**Aim of the exercise**
Every line holding the string "CIRCLE" is to be copied from the entries below.

═════ Records for this exercise

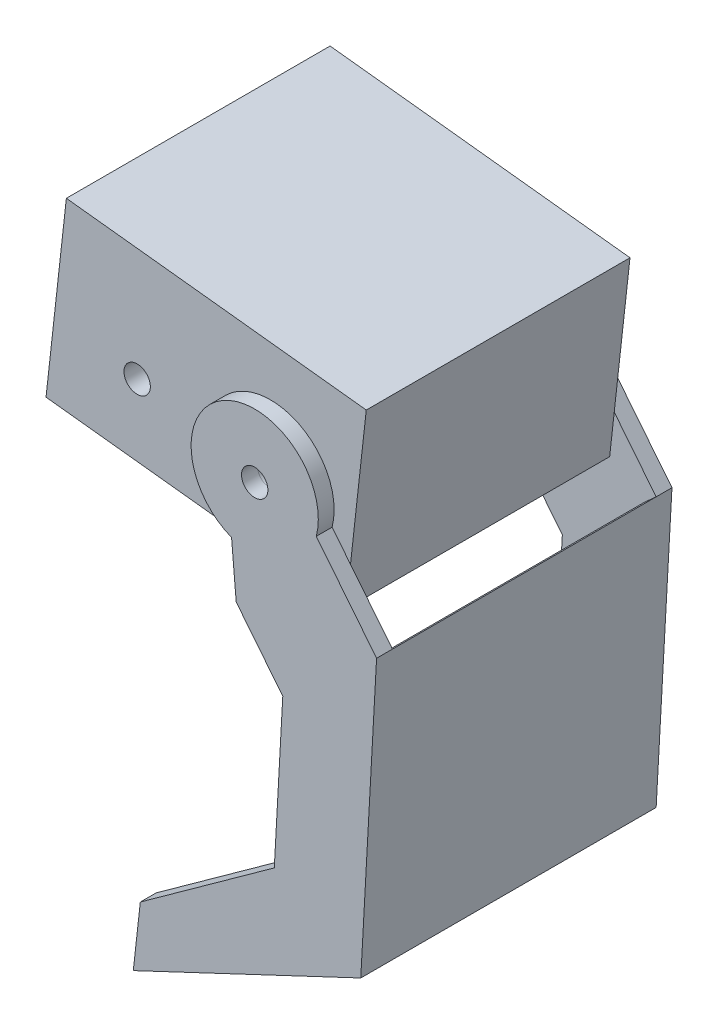
ISO-10303-21;
HEADER;
FILE_DESCRIPTION(('STEP AP214'),'2;1');
FILE_NAME('part.step','',(''),(''),'','','');
FILE_SCHEMA(('AUTOMOTIVE_DESIGN { 1 0 10303 214 1 1 1 1 }'));
ENDSEC;
DATA;
#1=APPLICATION_CONTEXT('core data for automotive mechanical design processes');
#2=APPLICATION_PROTOCOL_DEFINITION('international standard','automotive_design',2000,#1);
#3=PRODUCT_CONTEXT('',#1,'mechanical');
#4=PRODUCT('Part','Part','',(#3));
#5=PRODUCT_RELATED_PRODUCT_CATEGORY('part','',(#4));
#6=PRODUCT_DEFINITION_FORMATION('','',#4);
#7=PRODUCT_DEFINITION_CONTEXT('part definition',#1,'design');
#8=PRODUCT_DEFINITION('design','',#6,#7);
#9=PRODUCT_DEFINITION_SHAPE('','',#8);
#10=(LENGTH_UNIT() NAMED_UNIT(*) SI_UNIT(.MILLI.,.METRE.));
#11=(NAMED_UNIT(*) PLANE_ANGLE_UNIT() SI_UNIT($,.RADIAN.));
#12=(NAMED_UNIT(*) SI_UNIT($,.STERADIAN.) SOLID_ANGLE_UNIT());
#13=UNCERTAINTY_MEASURE_WITH_UNIT(LENGTH_MEASURE(1.E-05),#10,'distance_accuracy_value','');
#14=(GEOMETRIC_REPRESENTATION_CONTEXT(3) GLOBAL_UNCERTAINTY_ASSIGNED_CONTEXT((#13)) GLOBAL_UNIT_ASSIGNED_CONTEXT((#10,
#11,#12)) REPRESENTATION_CONTEXT('',''));
#15=CARTESIAN_POINT('',(0.,0.,0.));
#16=DIRECTION('',(0.,0.,1.));
#17=DIRECTION('',(1.,0.,0.));
#18=AXIS2_PLACEMENT_3D('',#15,#16,#17);
#19=CARTESIAN_POINT('',(-60.7140923076923,16.1163384615385,25.));
#20=DIRECTION('',(0.,0.,1.));
#21=DIRECTION('',(-0.993846153846154,0.110769230769231,0.));
#22=AXIS2_PLACEMENT_3D('',#19,#20,#21);
#23=PLANE('',#22);
#24=CARTESIAN_POINT('',(-60.7140923076923,16.1163384615385,25.));
#25=DIRECTION('',(0.,0.,-1.));
#26=DIRECTION('',(-0.993846153846154,0.110769230769231,0.));
#27=AXIS2_PLACEMENT_3D('',#24,#25,#26);
#28=CIRCLE('',#27,2.5);
#29=CARTESIAN_POINT('',(-63.1987076923077,16.3932615384615,25.));
#30=VERTEX_POINT('',#29);
#31=EDGE_CURVE('E282',#30,#30,#28,.T.);
#32=ORIENTED_EDGE('',*,*,#31,.F.);
#33=EDGE_LOOP('',(#32));
#34=FACE_BOUND('',#33,.T.);
#35=DIRECTION('',(0.110769230769231,0.993846153846154,0.));
#36=VECTOR('',#35,1.);
#37=CARTESIAN_POINT('',(-82.4001230769231,-63.6222153846154,25.));
#38=LINE('',#37,#36);
#39=CARTESIAN_POINT('',(-83.4691926581584,-73.214145238477,25.));
#40=VERTEX_POINT('',#39);
#41=CARTESIAN_POINT('',(-82.4001230769231,-63.6222153846154,25.));
#42=VERTEX_POINT('',#41);
#43=EDGE_CURVE('E187',#40,#42,#38,.T.);
#44=ORIENTED_EDGE('',*,*,#43,.T.);
#45=DIRECTION('',(0.811359006094352,0.584548170153313,0.));
#46=VECTOR('',#45,1.);
#47=CARTESIAN_POINT('',(-57.0007264957265,-45.3230769230769,25.));
#48=LINE('',#47,#46);
#49=CARTESIAN_POINT('',(-57.0007264957265,-45.3230769230769,25.));
#50=VERTEX_POINT('',#49);
#51=EDGE_CURVE('E321',#42,#50,#48,.T.);
#52=ORIENTED_EDGE('',*,*,#51,.T.);
#53=DIRECTION('',(0.0554700196225232,0.998460353205412,0.));
#54=VECTOR('',#53,1.);
#55=CARTESIAN_POINT('',(-55.3896153846154,-16.3230769230769,25.));
#56=LINE('',#55,#54);
#57=CARTESIAN_POINT('',(-55.3896153846154,-16.3230769230769,25.));
#58=VERTEX_POINT('',#57);
#59=EDGE_CURVE('E324',#50,#58,#56,.T.);
#60=ORIENTED_EDGE('',*,*,#59,.T.);
#61=DIRECTION('',(-0.624429680617044,0.781081029064525,0.));
#62=VECTOR('',#61,1.);
#63=CARTESIAN_POINT('',(-64.2203846153846,-5.27692307692307,25.));
#64=LINE('',#63,#62);
#65=CARTESIAN_POINT('',(-64.2203846153846,-5.27692307692307,25.));
#66=VERTEX_POINT('',#65);
#67=EDGE_CURVE('E327',#58,#66,#64,.T.);
#68=ORIENTED_EDGE('',*,*,#67,.T.);
#69=DIRECTION('',(-0.0862910994608008,0.996269966501975,0.));
#70=VECTOR('',#69,1.);
#71=CARTESIAN_POINT('',(-65.1003846153846,4.88307692307692,25.));
#72=LINE('',#71,#70);
#73=CARTESIAN_POINT('',(-65.1003846153846,4.88307692307692,25.));
#74=VERTEX_POINT('',#73);
#75=EDGE_CURVE('E330',#66,#74,#72,.T.);
#76=ORIENTED_EDGE('',*,*,#75,.T.);
#77=CARTESIAN_POINT('',(-60.7140923076923,16.1163384615385,25.));
#78=DIRECTION('',(0.,0.,-1.));
#79=DIRECTION('',(-0.993846153846154,0.110769230769231,0.));
#80=AXIS2_PLACEMENT_3D('',#77,#78,#79);
#81=CIRCLE('',#80,12.0592588909933);
#82=CARTESIAN_POINT('',(-49.037883863256,13.101063787139,25.));
#83=VERTEX_POINT('',#82);
#84=EDGE_CURVE('E293',#74,#83,#81,.T.);
#85=ORIENTED_EDGE('',*,*,#84,.T.);
#86=DIRECTION('',(0.624429680617043,-0.781081029064525,0.));
#87=VECTOR('',#86,1.);
#88=CARTESIAN_POINT('',(-37.605,-1.2,25.));
#89=LINE('',#88,#87);
#90=CARTESIAN_POINT('',(-37.605,-1.2,25.));
#91=VERTEX_POINT('',#90);
#92=EDGE_CURVE('E286',#83,#91,#89,.T.);
#93=ORIENTED_EDGE('',*,*,#92,.T.);
#94=DIRECTION('',(-0.7452413135251,-0.666794859469825,0.));
#95=VECTOR('',#94,1.);
#96=CARTESIAN_POINT('',(-37.605,-1.2,25.));
#97=LINE('',#96,#95);
#98=CARTESIAN_POINT('',(-39.7128607456559,-3.08598066716577,25.));
#99=VERTEX_POINT('',#98);
#100=EDGE_CURVE('E269',#91,#99,#97,.T.);
#101=ORIENTED_EDGE('',*,*,#100,.T.);
#102=DIRECTION('',(-0.0554700196225229,-0.998460353205412,0.));
#103=VECTOR('',#102,1.);
#104=CARTESIAN_POINT('',(-39.7128607456559,-3.08598066716577,25.));
#105=LINE('',#104,#103);
#106=CARTESIAN_POINT('',(-42.5358399960956,-53.8996071750799,25.));
#107=VERTEX_POINT('',#106);
#108=EDGE_CURVE('E272',#99,#107,#105,.T.);
#109=ORIENTED_EDGE('',*,*,#108,.T.);
#110=DIRECTION('',(-0.904377428015072,-0.426733485558425,0.));
#111=VECTOR('',#110,1.);
#112=CARTESIAN_POINT('',(-42.5358399960956,-53.8996071750799,25.));
#113=LINE('',#112,#111);
#114=EDGE_CURVE('E275',#107,#40,#113,.T.);
#115=ORIENTED_EDGE('',*,*,#114,.T.);
#116=EDGE_LOOP('',(#44,#52,#60,#68,#76,#85,#93,#101,#109,#115));
#117=FACE_BOUND('',#116,.T.);
#118=ADVANCED_FACE('F49',(#34,#117),#23,.F.);
#119=CARTESIAN_POINT('',(-60.7140923076923,16.1163384615385,-25.));
#120=DIRECTION('',(0.,0.,-1.));
#121=DIRECTION('',(-0.993846153846154,0.110769230769231,0.));
#122=AXIS2_PLACEMENT_3D('',#119,#120,#121);
#123=PLANE('',#122);
#124=CARTESIAN_POINT('',(-60.7140923076923,16.1163384615385,-25.));
#125=DIRECTION('',(0.,0.,-1.));
#126=DIRECTION('',(-0.993846153846154,0.110769230769231,0.));
#127=AXIS2_PLACEMENT_3D('',#124,#125,#126);
#128=CIRCLE('',#127,2.5);
#129=CARTESIAN_POINT('',(-63.1987076923077,16.3932615384615,-25.));
#130=VERTEX_POINT('',#129);
#131=EDGE_CURVE('E188',#130,#130,#128,.T.);
#132=ORIENTED_EDGE('',*,*,#131,.T.);
#133=EDGE_LOOP('',(#132));
#134=FACE_BOUND('',#133,.T.);
#135=DIRECTION('',(-0.904377428015072,-0.426733485558425,0.));
#136=VECTOR('',#135,1.);
#137=CARTESIAN_POINT('',(-42.5358399960956,-53.8996071750799,-25.));
#138=LINE('',#137,#136);
#139=CARTESIAN_POINT('',(-42.5358399960956,-53.8996071750799,-25.));
#140=VERTEX_POINT('',#139);
#141=CARTESIAN_POINT('',(-83.4691926581584,-73.214145238477,-25.));
#142=VERTEX_POINT('',#141);
#143=EDGE_CURVE('E194',#140,#142,#138,.T.);
#144=ORIENTED_EDGE('',*,*,#143,.F.);
#145=DIRECTION('',(-0.0554700196225229,-0.998460353205412,0.));
#146=VECTOR('',#145,1.);
#147=CARTESIAN_POINT('',(-39.7128607456559,-3.08598066716577,-25.));
#148=LINE('',#147,#146);
#149=CARTESIAN_POINT('',(-39.7128607456559,-3.08598066716577,-25.));
#150=VERTEX_POINT('',#149);
#151=EDGE_CURVE('E201',#150,#140,#148,.T.);
#152=ORIENTED_EDGE('',*,*,#151,.F.);
#153=DIRECTION('',(-0.7452413135251,-0.666794859469825,0.));
#154=VECTOR('',#153,1.);
#155=CARTESIAN_POINT('',(-37.605,-1.2,-25.));
#156=LINE('',#155,#154);
#157=CARTESIAN_POINT('',(-37.605,-1.2,-25.));
#158=VERTEX_POINT('',#157);
#159=EDGE_CURVE('E203',#158,#150,#156,.T.);
#160=ORIENTED_EDGE('',*,*,#159,.F.);
#161=DIRECTION('',(0.624429680617043,-0.781081029064525,0.));
#162=VECTOR('',#161,1.);
#163=CARTESIAN_POINT('',(-37.605,-1.2,-25.));
#164=LINE('',#163,#162);
#165=CARTESIAN_POINT('',(-49.037883863256,13.101063787139,-25.));
#166=VERTEX_POINT('',#165);
#167=EDGE_CURVE('E210',#166,#158,#164,.T.);
#168=ORIENTED_EDGE('',*,*,#167,.F.);
#169=CARTESIAN_POINT('',(-60.7140923076923,16.1163384615385,-25.));
#170=DIRECTION('',(0.,0.,-1.));
#171=DIRECTION('',(-0.993846153846154,0.110769230769231,0.));
#172=AXIS2_PLACEMENT_3D('',#169,#170,#171);
#173=CIRCLE('',#172,12.0592588909933);
#174=CARTESIAN_POINT('',(-65.1003846153846,4.88307692307692,-25.));
#175=VERTEX_POINT('',#174);
#176=EDGE_CURVE('E213',#175,#166,#173,.T.);
#177=ORIENTED_EDGE('',*,*,#176,.F.);
#178=DIRECTION('',(-0.0862910994608008,0.996269966501975,0.));
#179=VECTOR('',#178,1.);
#180=CARTESIAN_POINT('',(-65.1003846153846,4.88307692307692,-25.));
#181=LINE('',#180,#179);
#182=CARTESIAN_POINT('',(-64.2203846153846,-5.27692307692307,-25.));
#183=VERTEX_POINT('',#182);
#184=EDGE_CURVE('E216',#183,#175,#181,.T.);
#185=ORIENTED_EDGE('',*,*,#184,.F.);
#186=DIRECTION('',(-0.624429680617044,0.781081029064525,0.));
#187=VECTOR('',#186,1.);
#188=CARTESIAN_POINT('',(-64.2203846153846,-5.27692307692307,-25.));
#189=LINE('',#188,#187);
#190=CARTESIAN_POINT('',(-55.3896153846154,-16.3230769230769,-25.));
#191=VERTEX_POINT('',#190);
#192=EDGE_CURVE('E219',#191,#183,#189,.T.);
#193=ORIENTED_EDGE('',*,*,#192,.F.);
#194=DIRECTION('',(0.0554700196225232,0.998460353205412,0.));
#195=VECTOR('',#194,1.);
#196=CARTESIAN_POINT('',(-55.3896153846154,-16.3230769230769,-25.));
#197=LINE('',#196,#195);
#198=CARTESIAN_POINT('',(-57.0007264957265,-45.3230769230769,-25.));
#199=VERTEX_POINT('',#198);
#200=EDGE_CURVE('E222',#199,#191,#197,.T.);
#201=ORIENTED_EDGE('',*,*,#200,.F.);
#202=DIRECTION('',(0.811359006094352,0.584548170153313,0.));
#203=VECTOR('',#202,1.);
#204=CARTESIAN_POINT('',(-57.0007264957265,-45.3230769230769,-25.));
#205=LINE('',#204,#203);
#206=CARTESIAN_POINT('',(-82.4001230769231,-63.6222153846154,-25.));
#207=VERTEX_POINT('',#206);
#208=EDGE_CURVE('E197',#207,#199,#205,.T.);
#209=ORIENTED_EDGE('',*,*,#208,.F.);
#210=DIRECTION('',(0.110769230769231,0.993846153846154,0.));
#211=VECTOR('',#210,1.);
#212=CARTESIAN_POINT('',(-82.4001230769231,-63.6222153846154,-25.));
#213=LINE('',#212,#211);
#214=EDGE_CURVE('E184',#142,#207,#213,.T.);
#215=ORIENTED_EDGE('',*,*,#214,.F.);
#216=EDGE_LOOP('',(#144,#152,#160,#168,#177,#185,#193,#201,#209,#215));
#217=FACE_BOUND('',#216,.T.);
#218=ADVANCED_FACE('F192',(#134,#217),#123,.F.);
#219=CARTESIAN_POINT('',(-60.7140923076923,16.1163384615385,28.));
#220=DIRECTION('',(0.,0.,1.));
#221=DIRECTION('',(-0.993846153846154,0.110769230769231,0.));
#222=AXIS2_PLACEMENT_3D('',#219,#220,#221);
#223=PLANE('',#222);
#224=DIRECTION('',(0.624429680617044,-0.781081029064525,0.));
#225=VECTOR('',#224,1.);
#226=CARTESIAN_POINT('',(-45.5526923076923,8.74153846153846,28.));
#227=LINE('',#226,#225);
#228=CARTESIAN_POINT('',(-49.037883863256,13.101063787139,28.));
#229=VERTEX_POINT('',#228);
#230=CARTESIAN_POINT('',(-37.605,-1.2,28.));
#231=VERTEX_POINT('',#230);
#232=EDGE_CURVE('E289',#229,#231,#227,.T.);
#233=ORIENTED_EDGE('',*,*,#232,.F.);
#234=CARTESIAN_POINT('',(-60.7140923076923,16.1163384615385,28.));
#235=DIRECTION('',(0.,0.,-1.));
#236=DIRECTION('',(-0.993846153846154,0.110769230769231,0.));
#237=AXIS2_PLACEMENT_3D('',#234,#235,#236);
#238=CIRCLE('',#237,12.0592588909933);
#239=CARTESIAN_POINT('',(-65.1003846153846,4.88307692307692,28.));
#240=VERTEX_POINT('',#239);
#241=EDGE_CURVE('E314',#240,#229,#238,.T.);
#242=ORIENTED_EDGE('',*,*,#241,.F.);
#243=DIRECTION('',(-0.0862910994608008,0.996269966501975,0.));
#244=VECTOR('',#243,1.);
#245=CARTESIAN_POINT('',(-65.1003846153846,4.88307692307692,28.));
#246=LINE('',#245,#244);
#247=CARTESIAN_POINT('',(-64.2203846153846,-5.27692307692307,28.));
#248=VERTEX_POINT('',#247);
#249=EDGE_CURVE('E311',#248,#240,#246,.T.);
#250=ORIENTED_EDGE('',*,*,#249,.F.);
#251=DIRECTION('',(-0.624429680617044,0.781081029064525,0.));
#252=VECTOR('',#251,1.);
#253=CARTESIAN_POINT('',(-64.2203846153846,-5.27692307692307,28.));
#254=LINE('',#253,#252);
#255=CARTESIAN_POINT('',(-55.3896153846154,-16.3230769230769,28.));
#256=VERTEX_POINT('',#255);
#257=EDGE_CURVE('E308',#256,#248,#254,.T.);
#258=ORIENTED_EDGE('',*,*,#257,.F.);
#259=DIRECTION('',(0.0554700196225232,0.998460353205412,0.));
#260=VECTOR('',#259,1.);
#261=CARTESIAN_POINT('',(-55.3896153846154,-16.3230769230769,28.));
#262=LINE('',#261,#260);
#263=CARTESIAN_POINT('',(-57.0007264957265,-45.3230769230769,28.));
#264=VERTEX_POINT('',#263);
#265=EDGE_CURVE('E305',#264,#256,#262,.T.);
#266=ORIENTED_EDGE('',*,*,#265,.F.);
#267=DIRECTION('',(0.811359006094352,0.584548170153313,0.));
#268=VECTOR('',#267,1.);
#269=CARTESIAN_POINT('',(-57.0007264957265,-45.3230769230769,28.));
#270=LINE('',#269,#268);
#271=CARTESIAN_POINT('',(-82.4001230769231,-63.6222153846154,28.));
#272=VERTEX_POINT('',#271);
#273=EDGE_CURVE('E302',#272,#264,#270,.T.);
#274=ORIENTED_EDGE('',*,*,#273,.F.);
#275=DIRECTION('',(0.110769230769231,0.993846153846154,0.));
#276=VECTOR('',#275,1.);
#277=CARTESIAN_POINT('',(-82.4001230769231,-63.6222153846154,28.));
#278=LINE('',#277,#276);
#279=CARTESIAN_POINT('',(-83.7293538461538,-75.5483692307692,28.));
#280=VERTEX_POINT('',#279);
#281=EDGE_CURVE('E299',#280,#272,#278,.T.);
#282=ORIENTED_EDGE('',*,*,#281,.F.);
#283=DIRECTION('',(-0.904377428015072,-0.426733485558425,0.));
#284=VECTOR('',#283,1.);
#285=CARTESIAN_POINT('',(-83.7293538461538,-75.5483692307692,28.));
#286=LINE('',#285,#284);
#287=CARTESIAN_POINT('',(-40.605,-55.2,28.));
#288=VERTEX_POINT('',#287);
#289=EDGE_CURVE('E296',#288,#280,#286,.T.);
#290=ORIENTED_EDGE('',*,*,#289,.F.);
#291=DIRECTION('',(-0.055470019622523,-0.998460353205412,0.));
#292=VECTOR('',#291,1.);
#293=CARTESIAN_POINT('',(-40.605,-55.2,28.));
#294=LINE('',#293,#292);
#295=EDGE_CURVE('E292',#231,#288,#294,.T.);
#296=ORIENTED_EDGE('',*,*,#295,.F.);
#297=EDGE_LOOP('',(#233,#242,#250,#258,#266,#274,#282,#290,#296));
#298=FACE_BOUND('',#297,.T.);
#299=CARTESIAN_POINT('',(-60.7140923076923,16.1163384615385,28.));
#300=DIRECTION('',(0.,0.,-1.));
#301=DIRECTION('',(-0.993846153846154,0.110769230769231,0.));
#302=AXIS2_PLACEMENT_3D('',#299,#300,#301);
#303=CIRCLE('',#302,2.5);
#304=CARTESIAN_POINT('',(-63.1987076923077,16.3932615384615,28.));
#305=VERTEX_POINT('',#304);
#306=EDGE_CURVE('E283',#305,#305,#303,.T.);
#307=ORIENTED_EDGE('',*,*,#306,.T.);
#308=EDGE_LOOP('',(#307));
#309=FACE_BOUND('',#308,.T.);
#310=ADVANCED_FACE('F381',(#298,#309),#223,.T.);
#311=CARTESIAN_POINT('',(-37.605,-1.2,28.));
#312=DIRECTION('',(-0.781081029064525,-0.624429680617044,0.));
#313=DIRECTION('',(-0.624429680617044,0.781081029064525,0.));
#314=AXIS2_PLACEMENT_3D('',#311,#312,#313);
#315=PLANE('',#314);
#316=ORIENTED_EDGE('',*,*,#92,.F.);
#317=DIRECTION('',(0.,0.,-1.));
#318=VECTOR('',#317,1.);
#319=CARTESIAN_POINT('',(-49.037883863256,13.101063787139,28.));
#320=LINE('',#319,#318);
#321=EDGE_CURVE('E317',#229,#83,#320,.T.);
#322=ORIENTED_EDGE('',*,*,#321,.F.);
#323=ORIENTED_EDGE('',*,*,#232,.T.);
#324=DIRECTION('',(0.,0.,-1.));
#325=VECTOR('',#324,1.);
#326=CARTESIAN_POINT('',(-37.605,-1.2,28.));
#327=LINE('',#326,#325);
#328=EDGE_CURVE('E12',#231,#91,#327,.T.);
#329=ORIENTED_EDGE('',*,*,#328,.T.);
#330=EDGE_LOOP('',(#316,#322,#323,#329));
#331=FACE_BOUND('',#330,.T.);
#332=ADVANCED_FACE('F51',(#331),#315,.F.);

══════════

**Exercise output**
#28=CIRCLE('',#27,2.5);
#81=CIRCLE('',#80,12.0592588909933);
#128=CIRCLE('',#127,2.5);
#173=CIRCLE('',#172,12.0592588909933);
#238=CIRCLE('',#237,12.0592588909933);
#303=CIRCLE('',#302,2.5);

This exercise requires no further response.